▶ WHAT YOU SHOULD DO
Select and copy out every line in the records containing "Polygon".

▶ RECORDS SUPPLIED
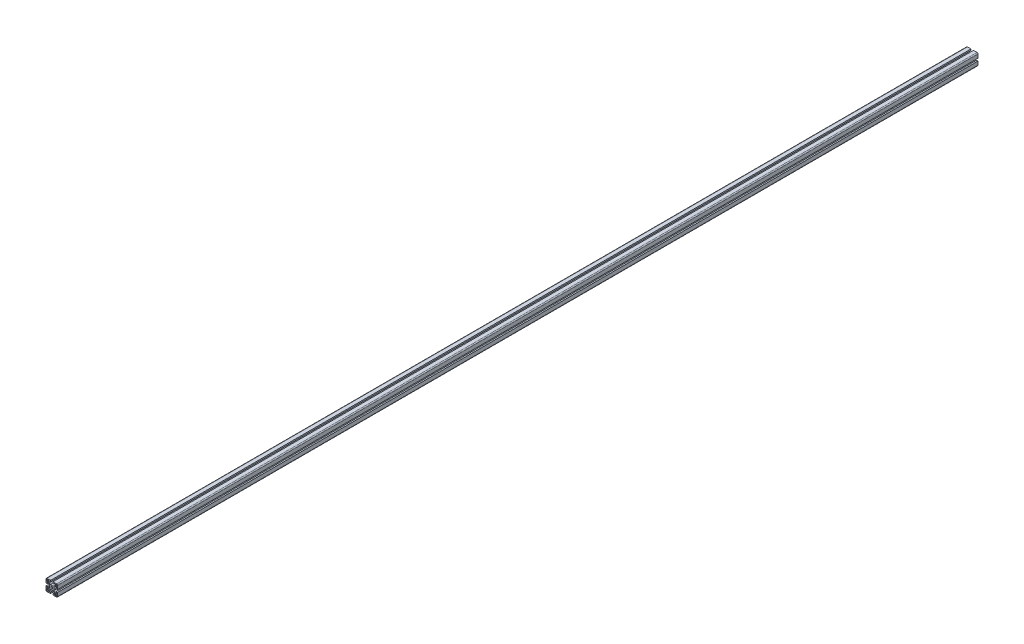
from build123d import *

# Parameters (mm, degrees)
SKETCH1_R           = 3.2639
BOSS_EXTRUDE1_DEPTH = 1524


with BuildPart() as part:
    # Sketch1 → Boss-Extrude1 (new, symmetric)
    with BuildSketch(Plane.XY):
        with BuildLine():
            Line((-6.731, 4.575738531), (-6.731, -4.575738531))
            Line((-6.731, -4.575738531), (-12.442261469, -10.287))
            Line((-12.442261469, -10.287), (-15.6718, -10.287))
            Line((-15.6718, -10.287), (-15.6718, -6.858))
            Line((-15.6718, -6.858), (-14.478, -6.858))
            Line((-14.478, -6.858), (-14.478, -4.064))
            Line((-14.478, -4.064), (-19.05, -4.064))
            Line((-19.05, -4.064), (-19.05, -15.875))
            ThreePointArc((-19.05, -15.875), (-18.12006403, -18.12006403), (-15.875, -19.05))
            Line((-15.875, -19.05), (-4.064, -19.05))
            Line((-4.064, -19.05), (-4.064, -14.478))
            Line((-4.064, -14.478), (-6.858, -14.478))
            Line((-6.858, -14.478), (-6.858, -15.6718))
            Line((-6.858, -15.6718), (-10.287, -15.6718))
            Line((-10.287, -15.6718), (-10.287, -12.442261469))
            Line((-10.287, -12.442261469), (-4.575738531, -6.731))
            Line((-4.575738531, -6.731), (4.575738531, -6.731))
            Line((4.575738531, -6.731), (10.287, -12.442261469))
            Line((10.287, -12.442261469), (10.287, -15.6718))
            Line((10.287, -15.6718), (6.858, -15.6718))
            Line((6.858, -15.6718), (6.858, -14.478))
            Line((6.858, -14.478), (4.064, -14.478))
            Line((4.064, -14.478), (4.064, -19.05))
            Line((4.064, -19.05), (15.875, -19.05))
            ThreePointArc((15.875, -19.05), (18.12006403, -18.12006403), (19.05, -15.875))
            Line((19.05, -15.875), (19.05, -4.064))
            Line((19.05, -4.064), (14.478, -4.064))
            Line((14.478, -4.064), (14.478, -6.858))
            Line((14.478, -6.858), (15.6718, -6.858))
            Line((15.6718, -6.858), (15.6718, -10.287))
            Line((15.6718, -10.287), (12.442261469, -10.287))
            Line((12.442261469, -10.287), (6.731, -4.575738531))
            Line((6.731, -4.575738531), (6.731, 4.575738531))
            Line((6.731, 4.575738531), (12.442261469, 10.287))
            Line((12.442261469, 10.287), (15.6718, 10.287))
            Line((15.6718, 10.287), (15.6718, 6.858))
            Line((15.6718, 6.858), (14.478, 6.858))
            Line((14.478, 6.858), (14.478, 4.064))
            Line((14.478, 4.064), (19.05, 4.064))
            Line((19.05, 4.064), (19.05, 15.875))
            ThreePointArc((19.05, 15.875), (18.12006403, 18.12006403), (15.875, 19.05))
            Line((15.875, 19.05), (4.064, 19.05))
            Line((4.064, 19.05), (4.064, 14.478))
            Line((4.064, 14.478), (6.858, 14.478))
            Line((6.858, 14.478), (6.858, 15.6718))
            Line((6.858, 15.6718), (10.287, 15.6718))
            Line((10.287, 15.6718), (10.287, 12.442261469))
            Line((10.287, 12.442261469), (4.575738531, 6.731))
            Line((4.575738531, 6.731), (-4.575738531, 6.731))
            Line((-4.575738531, 6.731), (-10.287, 12.442261469))
            Line((-10.287, 12.442261469), (-10.287, 15.6718))
            Line((-10.287, 15.6718), (-6.858, 15.6718))
            Line((-6.858, 15.6718), (-6.858, 14.478))
            Line((-6.858, 14.478), (-4.064, 14.478))
            Line((-4.064, 14.478), (-4.064, 19.05))
            Line((-4.064, 19.05), (-15.875, 19.05))
            ThreePointArc((-15.875, 19.05), (-18.12006403, 18.12006403), (-19.05, 15.875))
            Line((-19.05, 15.875), (-19.05, 4.064))
            Line((-19.05, 4.064), (-14.478, 4.064))
            Line((-14.478, 4.064), (-14.478, 6.858))
            Line((-14.478, 6.858), (-15.6718, 6.858))
            Line((-15.6718, 6.858), (-15.6718, 10.287))
            Line((-15.6718, 10.287), (-12.442261469, 10.287))
            Line((-12.442261469, 10.287), (-6.731, 4.575738531))
        make_face()
        Circle(SKETCH1_R, mode=Mode.SUBTRACT)
        with BuildLine():
            Line((-11.8872, 17.272), (-14.478, 17.272))
            ThreePointArc((-14.478, 17.272), (-16.453656347, 16.453656347), (-17.272, 14.478))
            Line((-17.272, 14.478), (-17.272, 11.8872))
            Line((-17.272, 11.8872), (-11.8872, 11.8872))
            Line((-11.8872, 11.8872), (-11.8872, 17.272))
        make_face(mode=Mode.SUBTRACT)
        with BuildLine():
            Line((14.478, 17.272), (11.8872, 17.272))
            Line((11.8872, 17.272), (11.8872, 11.8872))
            Line((11.8872, 11.8872), (17.272, 11.8872))
            Line((17.272, 11.8872), (17.272, 14.478))
            ThreePointArc((17.272, 14.478), (16.453656347, 16.453656347), (14.478, 17.272))
        make_face(mode=Mode.SUBTRACT)
        with BuildLine():
            Line((11.8872, -17.272), (14.478, -17.272))
            ThreePointArc((14.478, -17.272), (16.453656347, -16.453656347), (17.272, -14.478))
            Line((17.272, -14.478), (17.272, -11.8872))
            Line((17.272, -11.8872), (11.8872, -11.8872))
            Line((11.8872, -11.8872), (11.8872, -17.272))
        make_face(mode=Mode.SUBTRACT)
        with BuildLine():
            Line((-14.478, -17.272), (-11.8872, -17.272))
            Line((-11.8872, -17.272), (-11.8872, -11.8872))
            Line((-11.8872, -11.8872), (-17.272, -11.8872))
            Line((-17.272, -11.8872), (-17.272, -14.478))
            ThreePointArc((-17.272, -14.478), (-16.453656347, -16.453656347), (-14.478, -17.272))
        make_face(mode=Mode.SUBTRACT)
    extrude(amount=BOSS_EXTRUDE1_DEPTH, both=True)


solid = part.part
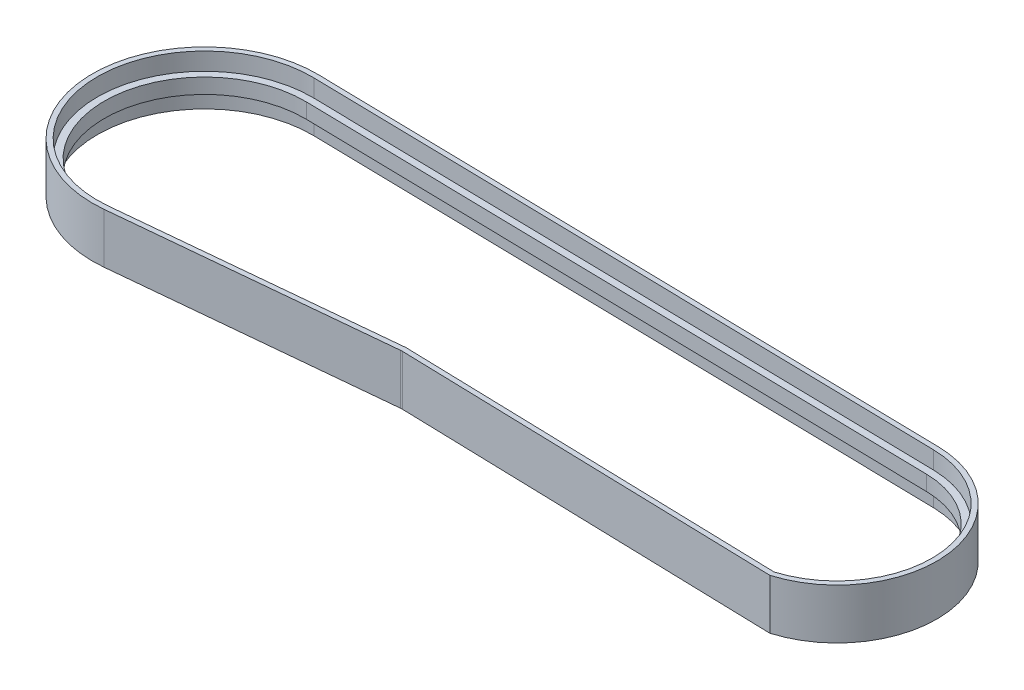
from build123d import *

# Parameters (mm, degrees)
BOSS_EXTRUDE1_DEPTH = 5
BOSS_EXTRUDE2_DEPTH = 1.5


with BuildPart() as part:
    # Sketch1 → Boss-Extrude1 (new, symmetric)
    with BuildSketch(Plane(origin=(0, 0, 0), x_dir=(1, 0, 0), z_dir=(0, 1, 0))):
        with BuildLine():
            Line((0.434583333, 22.345774485), (126.386944444, 19.896237684))
            ThreePointArc((126.386944444, 19.896237684), (145.718371952, 2.682500242), (131.687911153, -19.069810348))
            Line((131.687911153, -19.069810348), (56.476794724, -17.022504579))
            ThreePointArc((56.476794724, -17.022504579), (56.260593188, -17.023299553), (56.044853229, -17.037441902))
            Line((56.044853229, -17.037441902), (2.15009566, -22.24633877))
            ThreePointArc((2.15009566, -22.24633877), (-22.333478961, -0.859195846), (0.434583333, 22.345774485))
        make_face()
        with BuildLine():
            Line((0.415138889, 21.345963546), (126.3675, 18.896426746))
            ThreePointArc((126.3675, 18.896426746), (144.718122582, 2.615700101), (131.533500192, -18.071811631))
            Line((131.533500192, -18.071811631), (56.260793434, -16.022829325))
            ThreePointArc((56.260793434, -16.022829325), (56.104555475, -16.029742245), (55.948652081, -16.042079988))
            Line((55.948652081, -16.042079988), (2.053894512, -21.250976856))
            ThreePointArc((2.053894512, -21.250976856), (-21.334218157, -0.820753078), (0.415138889, 21.345963546))
        make_face(mode=Mode.SUBTRACT)
    extrude(amount=BOSS_EXTRUDE1_DEPTH, both=True)

    # Sketch8 → Boss-Extrude2 (add, symmetric)
    with BuildSketch(Plane(origin=(0, 0, 0), x_dir=(1, 0, 0), z_dir=(0, 1, 0))):
        with BuildLine():
            Line((56.260817447, -16.222904062), (131.560679398, -18.272625554))
            ThreePointArc((131.560679398, -18.272625554), (144.918461076, 2.627133519), (126.371388889, 19.096388933))
            Line((126.371388889, 19.096388933), (0.419027778, 21.545925734))
            ThreePointArc((0.419027778, 21.545925734), (-21.534070318, -0.828441632), (2.073134741, -21.450049239))
            Line((2.073134741, -21.450049239), (55.96789231, -16.241152371))
            ThreePointArc((55.96789231, -16.241152371), (56.114199143, -16.229528317), (56.260817447, -16.222904062))
        make_face()
        with BuildLine():
            Line((56.26361535, -14.622387556), (131.338099627, -16.66597409))
            ThreePointArc((131.338099627, -16.66597409), (143.315684259, 2.533195341), (126.340277778, 17.496691431))
            Line((126.340277778, 17.496691431), (0.387916667, 19.946228231))
            ThreePointArc((0.387916667, 19.946228231), (-19.935253032, -0.766933204), (1.919212904, -19.857470177))
            Line((1.919212904, -19.857470177), (55.813970473, -14.648573309))
            ThreePointArc((55.813970473, -14.648573309), (56.038542943, -14.631188125), (56.26361535, -14.622387556))
        make_face(mode=Mode.SUBTRACT)
    extrude(amount=BOSS_EXTRUDE2_DEPTH, both=True)


solid = part.part
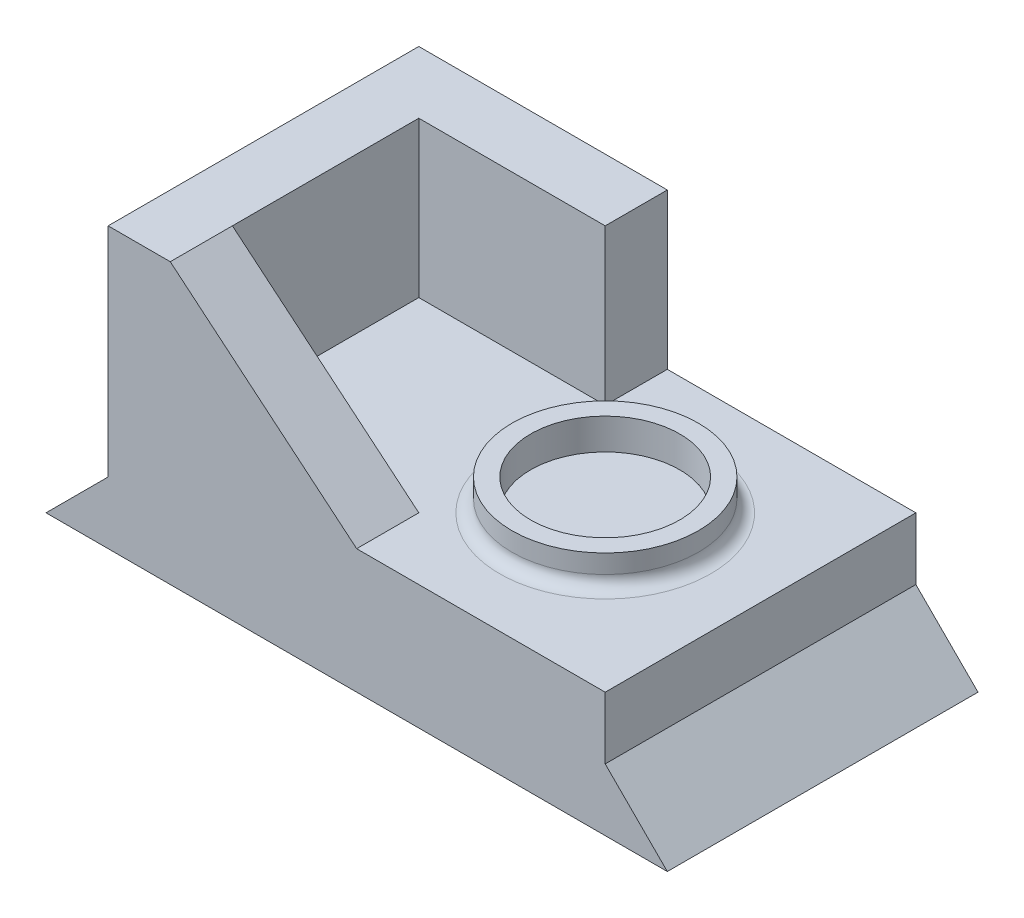
from build123d import *

# Parameters (mm, degrees)
BOSS_EXTRU_1_DEPTH      = 50
BOSS_EXTRU_2_DEPTH      = 25
ENL_V_MAT_EXTRU_1_REACH = 85.815
ESQUISSE4_R             = 15
ESQUISSE4_R_2           = 12
BOSS_EXTRU_3_DEPTH      = 5
CONG_1_R                = 2


with BuildPart() as part:
    # Esquisse1 → Boss.-Extru.1 (new body)
    with BuildSketch(Plane.XY):
        Polygon((50, 0), (-50, 0), (-40, 10), (-40, 20), (40, 20), (40, 10), align=None)
    extrude(amount=BOSS_EXTRU_1_DEPTH)

    # Esquisse2 → Boss.-Extru.2 (add)
    with BuildSketch(Plane(origin=(0, 20, 0), x_dir=(1, 0, 0), z_dir=(0, 1, 0))):
        Polygon((-40, -50), (-40, 0), (0, 0), (0, -10), (-30, -10), (-30, -40), (0, -40), (0, -50), align=None)
    extrude(amount=BOSS_EXTRU_2_DEPTH)

    # Esquisse3 → Enlèv. mat.-Extru.1 (cut, up to next)
    with BuildSketch(Plane.XY.offset(50), mode=Mode.PRIVATE) as enl_v_mat_extru_1_sk1:
        Polygon((0, 45), (0, 20), (-30, 45), align=None)
    enl_v_mat_extru_1_tool1 = extrude(enl_v_mat_extru_1_sk1.sketch, amount=-ENL_V_MAT_EXTRU_1_REACH, mode=Mode.PRIVATE) & part.part
    add(enl_v_mat_extru_1_tool1.solids().sort_by_distance((-10, 36.666667, 50))[0], mode=Mode.SUBTRACT)

    # Esquisse4 → Boss.-Extru.3 (add)
    with BuildSketch(Plane(origin=(0, 20, 0), x_dir=(1, 0, 0), z_dir=(0, 1, 0))):
        with Locations((15, -25)):
            Circle(ESQUISSE4_R)
        with Locations((15, -25)):
            Circle(ESQUISSE4_R_2, mode=Mode.SUBTRACT)
    extrude(amount=BOSS_EXTRU_3_DEPTH)

    # Congé1
    cong_1_edges = [part.edges().sort_by_distance(p)[0] for p in [
        (0, 20, 25),
    ]]
    fillet(cong_1_edges, radius=CONG_1_R)


solid = part.part

▶ EXPECTED ANSWER
        Polygon((50, 0), (-50, 0), (-40, 10), (-40, 20), (40, 20), (40, 10), align=None)
        Polygon((-40, -50), (-40, 0), (0, 0), (0, -10), (-30, -10), (-30, -40), (0, -40), (0, -50), align=None)
        Polygon((0, 45), (0, 20), (-30, 45), align=None)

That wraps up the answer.